# Shipping Query



## Spud468 (May 1, 2011)

Hi all, 

Anglo Pacific will be coming on Friday to collect my items for shipping. They have been terrible with regards to getting back to my queries - hence my desperate call for advice here... 

I am wanting to send my 4 year old Dyson Vacuum Cleaner. I have cleaned it best I can, but cant get inside all the pipes etc - are they strict in SA and will they confiscate the Dyson?? 

Also, they say Lithium Batteries are prohibited. My husbands tools are lithium battery operated... Does this mean we have to leave the batteries behind? 

Any advice would be great.


----------



## Stevan (Jun 30, 2009)

hi

we used doree bonner and they were superb.

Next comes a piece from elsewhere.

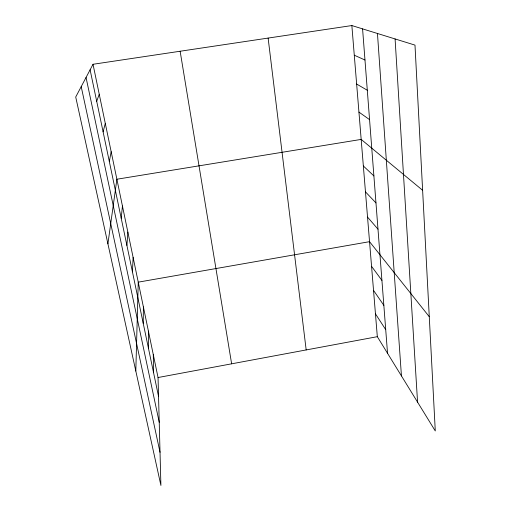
<?xml version="1.0" encoding="UTF-8"?>
<svg xmlns="http://www.w3.org/2000/svg" width="511" height="511" viewBox="0 0 511 511"><rect width="100%" height="100%" fill="white"/><g stroke="black" fill="none" stroke-linecap="round" stroke-linejoin="round"><path stroke-width="0.77" d="M143.221 323.31L143.393 306.951M135.811 371.024L138.251 282.155L369.542 241.671L429.278 316.718M132.438 271.852L133.122 257.448M126.907 245.427L127.852 232.071M121.209 218.248L122.442 206.01M107.917 243.83L116.885 179.227L361.175 139.407L422.629 190.29M109.316 161.489L111.168 151.69M103.101 131.838L105.292 123.381M96.7 101.287L99.243 94.254M93.021 64.277L75.717 97.02L160.908 485.45L158.046 377.527L93.021 64.277L351.855 25.55L414.989 45.109L435.283 430.965L377.322 336.685L351.855 25.55M158.046 377.527L377.322 336.685M354.283 55.207L364.975 60.011M356.64 84.047L367.307 90.249M358.939 112.101L369.562 119.625M363.347 165.986L373.892 175.925M365.467 191.874L375.968 202.918M367.53 217.092L377.993 229.184M371.561 266.346L381.928 280.392M373.535 290.389L383.85 305.342M375.451 313.831L385.716 329.64M81.204 86.634L160.026 452.305M86.046 77.48L159.234 422.271M90.102 69.796L158.544 396.447M180.14 51.241L231.63 363.819M268.122 38.076L306.178 349.933M362.58 28.872L387.536 353.299M377.457 33.483L401.442 375.924M395.086 38.945L417.564 402.138M153.287 354.608L153.575 372.73M148.407 331.09L148.471 348.361"/></g></svg>

we had no problem with the vacume cleaner i wouldnt worry.
if you are sending plant pots or garden furniture then clean it. no dirt on them at all. if the furniture is wood no signs of rot or decay. petrol garden implements drain the oil and fuel. 

i certainly didnt have any problems with batteries the kids had a load of rc toys with lithuim batteries in them and nothing was said.

the packers advised us to leave on bike behind because it was russty and could cause problems.

a tip on moving day. valium or gin will make it run smoother ( for you not the packers)
ive done this twice once for my inlaws and once for us it is stressful but worth it.

good luck


----------



## bokbabe (Nov 28, 2010)

Hi Spud

I didn't even think of cleaning our dyson out any further than just emptying it and it was fine! My hubby's tools were fine too, in fact they didn't look in any of our boxes and it cost us nothing this end, except a paperwork fee of R75! 

One tip though.... we decided not to let the removals unpack for us but were then left with all the packaging to get rid of and so I wished that they had unpacked the wrapped items such as the couch and chair etc.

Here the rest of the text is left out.